* What to work on *
The required output consists solely of the lines from the top of the listing through the line containing "-Text HLabel 4300 5700", transcribed exactly.

* Records to process *
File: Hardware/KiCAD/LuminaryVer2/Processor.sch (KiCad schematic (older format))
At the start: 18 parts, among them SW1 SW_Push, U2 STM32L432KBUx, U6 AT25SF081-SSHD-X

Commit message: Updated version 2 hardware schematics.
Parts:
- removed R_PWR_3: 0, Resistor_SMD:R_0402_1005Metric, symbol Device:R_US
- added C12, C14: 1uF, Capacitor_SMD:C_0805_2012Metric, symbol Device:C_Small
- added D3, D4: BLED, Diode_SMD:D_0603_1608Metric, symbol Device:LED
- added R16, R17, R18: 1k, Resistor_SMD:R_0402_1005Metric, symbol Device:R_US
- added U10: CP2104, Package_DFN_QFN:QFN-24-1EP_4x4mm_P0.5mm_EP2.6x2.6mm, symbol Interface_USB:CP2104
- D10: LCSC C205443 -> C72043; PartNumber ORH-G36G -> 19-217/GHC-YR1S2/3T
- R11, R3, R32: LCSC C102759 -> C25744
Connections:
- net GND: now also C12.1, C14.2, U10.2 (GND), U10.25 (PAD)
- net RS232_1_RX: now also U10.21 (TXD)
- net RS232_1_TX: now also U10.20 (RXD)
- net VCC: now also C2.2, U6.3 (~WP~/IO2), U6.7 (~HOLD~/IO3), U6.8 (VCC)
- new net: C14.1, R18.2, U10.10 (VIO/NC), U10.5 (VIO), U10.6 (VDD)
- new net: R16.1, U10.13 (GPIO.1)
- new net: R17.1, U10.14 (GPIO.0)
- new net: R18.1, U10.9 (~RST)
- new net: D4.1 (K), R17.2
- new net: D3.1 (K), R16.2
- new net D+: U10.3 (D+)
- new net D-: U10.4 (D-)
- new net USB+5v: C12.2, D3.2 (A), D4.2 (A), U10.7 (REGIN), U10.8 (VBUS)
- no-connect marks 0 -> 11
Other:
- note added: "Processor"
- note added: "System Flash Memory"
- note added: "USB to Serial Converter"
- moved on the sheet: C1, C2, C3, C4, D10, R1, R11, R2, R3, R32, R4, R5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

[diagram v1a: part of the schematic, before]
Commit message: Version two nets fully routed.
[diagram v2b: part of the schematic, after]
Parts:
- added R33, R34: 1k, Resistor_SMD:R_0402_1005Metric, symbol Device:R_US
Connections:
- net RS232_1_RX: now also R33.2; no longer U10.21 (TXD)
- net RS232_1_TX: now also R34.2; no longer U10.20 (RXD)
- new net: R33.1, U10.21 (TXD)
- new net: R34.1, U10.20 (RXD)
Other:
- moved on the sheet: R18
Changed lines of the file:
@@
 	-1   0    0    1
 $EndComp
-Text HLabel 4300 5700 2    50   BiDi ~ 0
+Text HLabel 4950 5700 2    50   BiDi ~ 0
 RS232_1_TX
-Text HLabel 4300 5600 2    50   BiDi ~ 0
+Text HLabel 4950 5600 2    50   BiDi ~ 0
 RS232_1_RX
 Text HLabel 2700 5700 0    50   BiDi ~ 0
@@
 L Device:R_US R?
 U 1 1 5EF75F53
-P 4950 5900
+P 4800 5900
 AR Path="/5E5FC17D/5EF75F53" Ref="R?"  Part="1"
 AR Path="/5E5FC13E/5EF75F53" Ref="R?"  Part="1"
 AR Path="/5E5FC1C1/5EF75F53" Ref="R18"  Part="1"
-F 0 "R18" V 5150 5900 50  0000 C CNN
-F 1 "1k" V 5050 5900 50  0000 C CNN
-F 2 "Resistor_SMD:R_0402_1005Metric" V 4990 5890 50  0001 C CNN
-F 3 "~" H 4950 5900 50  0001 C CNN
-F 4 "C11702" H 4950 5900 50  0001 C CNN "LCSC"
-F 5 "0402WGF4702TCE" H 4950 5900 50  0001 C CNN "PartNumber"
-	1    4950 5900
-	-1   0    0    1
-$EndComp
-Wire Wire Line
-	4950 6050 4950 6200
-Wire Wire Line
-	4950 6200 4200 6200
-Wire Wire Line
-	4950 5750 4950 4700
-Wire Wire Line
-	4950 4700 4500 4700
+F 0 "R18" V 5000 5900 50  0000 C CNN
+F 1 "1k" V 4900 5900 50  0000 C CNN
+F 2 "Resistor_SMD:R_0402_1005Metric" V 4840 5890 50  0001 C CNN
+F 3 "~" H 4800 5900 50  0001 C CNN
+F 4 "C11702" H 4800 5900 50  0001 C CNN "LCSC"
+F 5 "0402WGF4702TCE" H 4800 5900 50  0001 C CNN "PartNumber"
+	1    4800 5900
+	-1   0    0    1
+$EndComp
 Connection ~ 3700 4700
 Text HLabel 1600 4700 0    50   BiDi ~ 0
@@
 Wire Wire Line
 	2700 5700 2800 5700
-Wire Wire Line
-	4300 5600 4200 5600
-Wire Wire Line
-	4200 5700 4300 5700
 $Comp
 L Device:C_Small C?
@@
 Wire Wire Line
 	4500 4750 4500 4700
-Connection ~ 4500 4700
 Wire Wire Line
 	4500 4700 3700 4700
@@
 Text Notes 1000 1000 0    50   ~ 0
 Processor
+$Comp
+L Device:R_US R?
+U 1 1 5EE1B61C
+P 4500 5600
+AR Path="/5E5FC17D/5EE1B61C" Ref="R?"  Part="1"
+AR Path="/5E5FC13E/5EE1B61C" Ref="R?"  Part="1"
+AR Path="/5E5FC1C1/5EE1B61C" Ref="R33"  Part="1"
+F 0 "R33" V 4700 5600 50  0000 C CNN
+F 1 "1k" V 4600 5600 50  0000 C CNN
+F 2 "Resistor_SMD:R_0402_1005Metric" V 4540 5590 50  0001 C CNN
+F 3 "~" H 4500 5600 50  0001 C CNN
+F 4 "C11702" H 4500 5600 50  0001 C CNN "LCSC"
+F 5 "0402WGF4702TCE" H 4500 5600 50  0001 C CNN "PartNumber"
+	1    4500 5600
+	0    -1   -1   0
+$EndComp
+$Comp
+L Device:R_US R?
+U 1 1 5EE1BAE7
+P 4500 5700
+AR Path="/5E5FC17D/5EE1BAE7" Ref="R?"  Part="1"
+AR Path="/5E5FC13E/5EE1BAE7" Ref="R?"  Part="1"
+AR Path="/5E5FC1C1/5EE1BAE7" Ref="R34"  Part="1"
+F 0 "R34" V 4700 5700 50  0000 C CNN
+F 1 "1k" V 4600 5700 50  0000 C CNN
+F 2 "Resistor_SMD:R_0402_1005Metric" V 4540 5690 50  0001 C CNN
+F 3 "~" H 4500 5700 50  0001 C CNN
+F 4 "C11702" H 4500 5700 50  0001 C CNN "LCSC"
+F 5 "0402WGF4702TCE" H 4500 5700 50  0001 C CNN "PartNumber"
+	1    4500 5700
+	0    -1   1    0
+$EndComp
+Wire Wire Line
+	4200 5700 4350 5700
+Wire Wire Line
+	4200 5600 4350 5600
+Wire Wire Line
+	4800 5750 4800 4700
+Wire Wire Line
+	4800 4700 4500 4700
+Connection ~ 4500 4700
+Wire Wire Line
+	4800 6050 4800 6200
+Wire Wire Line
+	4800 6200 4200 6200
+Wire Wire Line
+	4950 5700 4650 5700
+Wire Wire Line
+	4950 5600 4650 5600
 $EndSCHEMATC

* Task response *
File: Hardware/KiCAD/LuminaryVer2/Processor.sch (KiCad schematic (older format))
At the start: 18 parts, among them SW1 SW_Push, U2 STM32L432KBUx, U6 AT25SF081-SSHD-X

Commit message: Updated version 2 hardware schematics.
Parts:
- removed R_PWR_3: 0, Resistor_SMD:R_0402_1005Metric, symbol Device:R_US
- added C12, C14: 1uF, Capacitor_SMD:C_0805_2012Metric, symbol Device:C_Small
- added D3, D4: BLED, Diode_SMD:D_0603_1608Metric, symbol Device:LED
- added R16, R17, R18: 1k, Resistor_SMD:R_0402_1005Metric, symbol Device:R_US
- added U10: CP2104, Package_DFN_QFN:QFN-24-1EP_4x4mm_P0.5mm_EP2.6x2.6mm, symbol Interface_USB:CP2104
- D10: LCSC C205443 -> C72043; PartNumber ORH-G36G -> 19-217/GHC-YR1S2/3T
- R11, R3, R32: LCSC C102759 -> C25744
Connections:
- net GND: now also C12.1, C14.2, U10.2 (GND), U10.25 (PAD)
- net RS232_1_RX: now also U10.21 (TXD)
- net RS232_1_TX: now also U10.20 (RXD)
- net VCC: now also C2.2, U6.3 (~WP~/IO2), U6.7 (~HOLD~/IO3), U6.8 (VCC)
- new net: C14.1, R18.2, U10.10 (VIO/NC), U10.5 (VIO), U10.6 (VDD)
- new net: R16.1, U10.13 (GPIO.1)
- new net: R17.1, U10.14 (GPIO.0)
- new net: R18.1, U10.9 (~RST)
- new net: D4.1 (K), R17.2
- new net: D3.1 (K), R16.2
- new net D+: U10.3 (D+)
- new net D-: U10.4 (D-)
- new net USB+5v: C12.2, D3.2 (A), D4.2 (A), U10.7 (REGIN), U10.8 (VBUS)
- no-connect marks 0 -> 11
Other:
- note added: "Processor"
- note added: "System Flash Memory"
- note added: "USB to Serial Converter"
- moved on the sheet: C1, C2, C3, C4, D10, R1, R11, R2, R3, R32, R4, R5

[diagram v1a: part of the schematic, before]
Commit message: Version two nets fully routed.
[diagram v2b: part of the schematic, after]
Parts:
- added R33, R34: 1k, Resistor_SMD:R_0402_1005Metric, symbol Device:R_US
Connections:
- net RS232_1_RX: now also R33.2; no longer U10.21 (TXD)
- net RS232_1_TX: now also R34.2; no longer U10.20 (RXD)
- new net: R33.1, U10.21 (TXD)
- new net: R34.1, U10.20 (RXD)
Other:
- moved on the sheet: R18
Changed lines of the file:
@@
 	-1   0    0    1
 $EndComp
-Text HLabel 4300 5700 2    50   BiDi ~ 0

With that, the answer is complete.